Przedsmak sobotniej sesji.
Fotograf Monika. M.
Moje niekiedy wygórowane ambicje depczą mnie samą.
Pod koniec tygodnia zazwyczaj jestem cieniem człowieka, pomiędzy szkołą a treningiem urządzam sobie 2 godzinną drzemkę, przywołującą mój organizm do porządku na pewien okres czasu, później jest jeszcze gorzej słaniam się na ugiętych nogach jak typowe zombie.
Jestem chyba zawiedziona faktem iż z zaplanowanego 6 Marca nic jednak nie wyjdzie.
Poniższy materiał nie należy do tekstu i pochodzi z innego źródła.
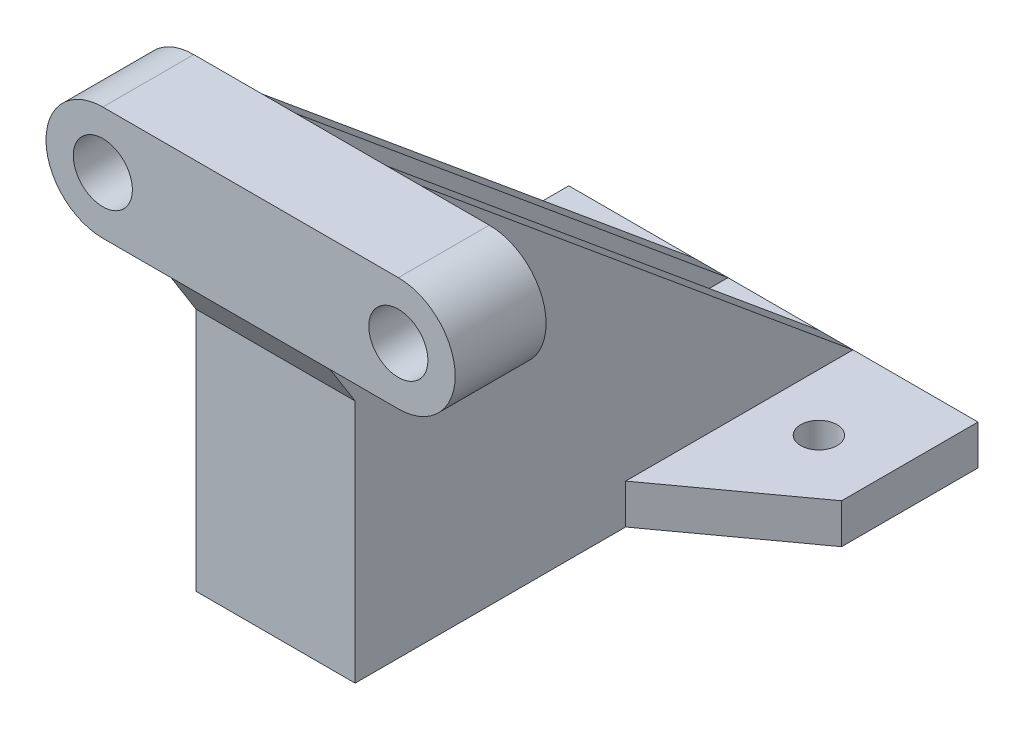
ISO-10303-21;
HEADER;
FILE_DESCRIPTION(('STEP AP214'),'2;1');
FILE_NAME('part.step','',(''),(''),'','','');
FILE_SCHEMA(('AUTOMOTIVE_DESIGN { 1 0 10303 214 1 1 1 1 }'));
ENDSEC;
DATA;
#1=APPLICATION_CONTEXT('core data for automotive mechanical design processes');
#2=APPLICATION_PROTOCOL_DEFINITION('international standard','automotive_design',2000,#1);
#3=PRODUCT_CONTEXT('',#1,'mechanical');
#4=PRODUCT('Part','Part','',(#3));
#5=PRODUCT_RELATED_PRODUCT_CATEGORY('part','',(#4));
#6=PRODUCT_DEFINITION_FORMATION('','',#4);
#7=PRODUCT_DEFINITION_CONTEXT('part definition',#1,'design');
#8=PRODUCT_DEFINITION('design','',#6,#7);
#9=PRODUCT_DEFINITION_SHAPE('','',#8);
#10=(LENGTH_UNIT() NAMED_UNIT(*) SI_UNIT(.MILLI.,.METRE.));
#11=(NAMED_UNIT(*) PLANE_ANGLE_UNIT() SI_UNIT($,.RADIAN.));
#12=(NAMED_UNIT(*) SI_UNIT($,.STERADIAN.) SOLID_ANGLE_UNIT());
#13=UNCERTAINTY_MEASURE_WITH_UNIT(LENGTH_MEASURE(1.E-05),#10,'distance_accuracy_value','');
#14=(GEOMETRIC_REPRESENTATION_CONTEXT(3) GLOBAL_UNCERTAINTY_ASSIGNED_CONTEXT((#13)) GLOBAL_UNIT_ASSIGNED_CONTEXT((#10,
#11,#12)) REPRESENTATION_CONTEXT('',''));
#15=CARTESIAN_POINT('',(0.,0.,0.));
#16=DIRECTION('',(0.,0.,1.));
#17=DIRECTION('',(1.,0.,0.));
#18=AXIS2_PLACEMENT_3D('',#15,#16,#17);
#19=CARTESIAN_POINT('',(-13.,30.,0.));
#20=DIRECTION('',(0.,0.,1.));
#21=DIRECTION('',(1.,0.,0.));
#22=AXIS2_PLACEMENT_3D('',#19,#20,#21);
#23=PLANE('',#22);
#24=DIRECTION('',(0.,-1.,0.));
#25=VECTOR('',#24,1.);
#26=CARTESIAN_POINT('',(4.,3.5,0.));
#27=LINE('',#26,#25);
#28=CARTESIAN_POINT('',(4.,35.,0.));
#29=VERTEX_POINT('',#28);
#30=CARTESIAN_POINT('',(4.,5.5,0.));
#31=VERTEX_POINT('',#30);
#32=EDGE_CURVE('E254',#29,#31,#27,.T.);
#33=ORIENTED_EDGE('',*,*,#32,.T.);
#34=DIRECTION('',(-1.,0.,0.));
#35=VECTOR('',#34,1.);
#36=CARTESIAN_POINT('',(-13.,5.5,0.));
#37=LINE('',#36,#35);
#38=CARTESIAN_POINT('',(-4.,5.5,0.));
#39=VERTEX_POINT('',#38);
#40=EDGE_CURVE('E26',#31,#39,#37,.T.);
#41=ORIENTED_EDGE('',*,*,#40,.T.);
#42=DIRECTION('',(0.,-1.,0.));
#43=VECTOR('',#42,1.);
#44=CARTESIAN_POINT('',(-4.,3.5,0.));
#45=LINE('',#44,#43);
#46=CARTESIAN_POINT('',(-4.,35.,0.));
#47=VERTEX_POINT('',#46);
#48=EDGE_CURVE('E225',#47,#39,#45,.T.);
#49=ORIENTED_EDGE('',*,*,#48,.F.);
#50=DIRECTION('',(-1.,0.,0.));
#51=VECTOR('',#50,1.);
#52=CARTESIAN_POINT('',(-13.,35.,0.));
#53=LINE('',#52,#51);
#54=EDGE_CURVE('E447',#29,#47,#53,.T.);
#55=ORIENTED_EDGE('',*,*,#54,.F.);
#56=EDGE_LOOP('',(#33,#41,#49,#55));
#57=FACE_BOUND('',#56,.T.);
#58=ADVANCED_FACE('F17',(#57),#23,.F.);
#59=CARTESIAN_POINT('',(-7.,3.5,0.));
#60=DIRECTION('',(0.,1.,0.));
#61=DIRECTION('',(0.,0.,1.));
#62=AXIS2_PLACEMENT_3D('',#59,#60,#61);
#63=PLANE('',#62);
#64=CARTESIAN_POINT('',(0.,3.5,-30.));
#65=DIRECTION('',(0.,1.,0.));
#66=DIRECTION('',(0.,0.,1.));
#67=AXIS2_PLACEMENT_3D('',#64,#65,#66);
#68=CIRCLE('',#67,1.6);
#69=CARTESIAN_POINT('',(0.,3.5,-28.4));
#70=VERTEX_POINT('',#69);
#71=EDGE_CURVE('E291',#70,#70,#68,.T.);
#72=ORIENTED_EDGE('',*,*,#71,.F.);
#73=EDGE_LOOP('',(#72));
#74=FACE_BOUND('',#73,.T.);
#75=CARTESIAN_POINT('',(0.,3.5,-18.));
#76=DIRECTION('',(0.,1.,0.));
#77=DIRECTION('',(0.,0.,1.));
#78=AXIS2_PLACEMENT_3D('',#75,#76,#77);
#79=CIRCLE('',#78,1.6);
#80=CARTESIAN_POINT('',(0.,3.5,-16.4));
#81=VERTEX_POINT('',#80);
#82=EDGE_CURVE('E307',#81,#81,#79,.T.);
#83=ORIENTED_EDGE('',*,*,#82,.F.);
#84=EDGE_LOOP('',(#83));
#85=FACE_BOUND('',#84,.T.);
#86=CARTESIAN_POINT('',(0.,3.5,-6.));
#87=DIRECTION('',(0.,1.,0.));
#88=DIRECTION('',(0.,0.,1.));
#89=AXIS2_PLACEMENT_3D('',#86,#87,#88);
#90=CIRCLE('',#89,1.6);
#91=CARTESIAN_POINT('',(0.,3.5,-4.4));
#92=VERTEX_POINT('',#91);
#93=EDGE_CURVE('E315',#92,#92,#90,.T.);
#94=ORIENTED_EDGE('',*,*,#93,.F.);
#95=EDGE_LOOP('',(#94));
#96=FACE_BOUND('',#95,.T.);
#97=DIRECTION('',(0.,0.,-1.));
#98=VECTOR('',#97,1.);
#99=CARTESIAN_POINT('',(-4.,3.5,-38.));
#100=LINE('',#99,#98);
#101=CARTESIAN_POINT('',(-4.,3.5,-2.));
#102=VERTEX_POINT('',#101);
#103=CARTESIAN_POINT('',(-4.,3.5,-38.));
#104=VERTEX_POINT('',#103);
#105=EDGE_CURVE('E253',#102,#104,#100,.T.);
#106=ORIENTED_EDGE('',*,*,#105,.F.);
#107=DIRECTION('',(1.,0.,0.));
#108=VECTOR('',#107,1.);
#109=CARTESIAN_POINT('',(-7.,3.5,-2.));
#110=LINE('',#109,#108);
#111=CARTESIAN_POINT('',(4.,3.5,-2.));
#112=VERTEX_POINT('',#111);
#113=EDGE_CURVE('E474',#102,#112,#110,.T.);
#114=ORIENTED_EDGE('',*,*,#113,.T.);
#115=DIRECTION('',(0.,0.,-1.));
#116=VECTOR('',#115,1.);
#117=CARTESIAN_POINT('',(4.,3.5,-38.));
#118=LINE('',#117,#116);
#119=CARTESIAN_POINT('',(4.,3.5,-38.));
#120=VERTEX_POINT('',#119);
#121=EDGE_CURVE('E257',#112,#120,#118,.T.);
#122=ORIENTED_EDGE('',*,*,#121,.T.);
#123=DIRECTION('',(-1.,0.,0.));
#124=VECTOR('',#123,1.);
#125=CARTESIAN_POINT('',(7.,3.5,-38.));
#126=LINE('',#125,#124);
#127=EDGE_CURVE('E210',#120,#104,#126,.T.);
#128=ORIENTED_EDGE('',*,*,#127,.T.);
#129=EDGE_LOOP('',(#106,#114,#122,#128));
#130=FACE_BOUND('',#129,.T.);
#131=ADVANCED_FACE('F579',(#74,#85,#96,#130),#63,.T.);
#132=CARTESIAN_POINT('',(-13.,30.,0.));
#133=DIRECTION('',(0.,0.,1.));
#134=DIRECTION('',(1.,0.,0.));
#135=AXIS2_PLACEMENT_3D('',#132,#133,#134);
#136=CIRCLE('',#135,2.6);
#137=CARTESIAN_POINT('',(-10.4,30.,0.));
#138=VERTEX_POINT('',#137);
#139=EDGE_CURVE('E402',#138,#138,#136,.T.);
#140=ORIENTED_EDGE('',*,*,#139,.T.);
#141=EDGE_LOOP('',(#140));
#142=FACE_BOUND('',#141,.T.);
#143=CARTESIAN_POINT('',(-7.,35.,0.));
#144=VERTEX_POINT('',#143);
#145=CARTESIAN_POINT('',(-13.,35.,0.));
#146=VERTEX_POINT('',#145);
#147=EDGE_CURVE('E443',#144,#146,#53,.T.);
#148=ORIENTED_EDGE('',*,*,#147,.F.);
#149=DIRECTION('',(0.,-1.,0.));
#150=VECTOR('',#149,1.);
#151=CARTESIAN_POINT('',(-7.,3.5,0.));
#152=LINE('',#151,#150);
#153=CARTESIAN_POINT('',(-7.,25.,0.));
#154=VERTEX_POINT('',#153);
#155=EDGE_CURVE('E242',#144,#154,#152,.T.);
#156=ORIENTED_EDGE('',*,*,#155,.T.);
#157=DIRECTION('',(1.,0.,0.));
#158=VECTOR('',#157,1.);
#159=CARTESIAN_POINT('',(-13.,25.,0.));
#160=LINE('',#159,#158);
#161=CARTESIAN_POINT('',(-13.,25.,0.));
#162=VERTEX_POINT('',#161);
#163=EDGE_CURVE('E436',#162,#154,#160,.T.);
#164=ORIENTED_EDGE('',*,*,#163,.F.);
#165=CARTESIAN_POINT('',(-13.,30.,0.));
#166=DIRECTION('',(0.,0.,1.));
#167=DIRECTION('',(1.,0.,0.));
#168=AXIS2_PLACEMENT_3D('',#165,#166,#167);
#169=CIRCLE('',#168,5.);
#170=EDGE_CURVE('E410',#146,#162,#169,.T.);
#171=ORIENTED_EDGE('',*,*,#170,.F.);
#172=EDGE_LOOP('',(#148,#156,#164,#171));
#173=FACE_BOUND('',#172,.T.);
#174=ADVANCED_FACE('F634',(#142,#173),#23,.F.);
#175=DIRECTION('',(0.,0.,-1.));
#176=VECTOR('',#175,1.);
#177=CARTESIAN_POINT('',(-7.,3.5,-38.));
#178=LINE('',#177,#176);
#179=CARTESIAN_POINT('',(-7.,3.5,-18.));
#180=VERTEX_POINT('',#179);
#181=CARTESIAN_POINT('',(-7.,3.5,-38.));
#182=VERTEX_POINT('',#181);
#183=EDGE_CURVE('E215',#180,#182,#178,.T.);
#184=ORIENTED_EDGE('',*,*,#183,.T.);
#185=CARTESIAN_POINT('',(-18.,3.5,-38.));
#186=VERTEX_POINT('',#185);
#187=EDGE_CURVE('E198',#182,#186,#126,.T.);
#188=ORIENTED_EDGE('',*,*,#187,.T.);
#189=DIRECTION('',(0.,0.,1.));
#190=VECTOR('',#189,1.);
#191=CARTESIAN_POINT('',(-18.,3.5,-38.));
#192=LINE('',#191,#190);
#193=CARTESIAN_POINT('',(-18.,3.5,-26.));
#194=VERTEX_POINT('',#193);
#195=EDGE_CURVE('E331',#186,#194,#192,.T.);
#196=ORIENTED_EDGE('',*,*,#195,.T.);
#197=DIRECTION('',(0.808736084303188,0.,0.588171697675046));
#198=VECTOR('',#197,1.);
#199=CARTESIAN_POINT('',(-18.,3.5,-26.));
#200=LINE('',#199,#198);
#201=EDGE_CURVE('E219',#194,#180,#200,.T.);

Zapewne nie uda nam się przekonać władz naszej cudownej miejscowości aby było tak a nie inaczej, aby chociaż raz było po naszemu.
Czy naprawdę to 100 osób jest aż tak niezbędne?
Wystarczy nam kawałek porządnej podłogi, służącej jako parkiet aby pokazać co potrafimy.
Ciężko jest przedrzeć się przez zagmatwane polityczne tory.
Wszędzie królują układy i układziki.
Z zasady nie pijam na trzeźwo
Lecz nawet zasady są zmienne
Nie kalam się myślą zbereźną
Z reguły nie sypiam bezsennie
Pomimo tego wszystkiego mam dobry humor.
lecę ogarnąć szkołę.
;)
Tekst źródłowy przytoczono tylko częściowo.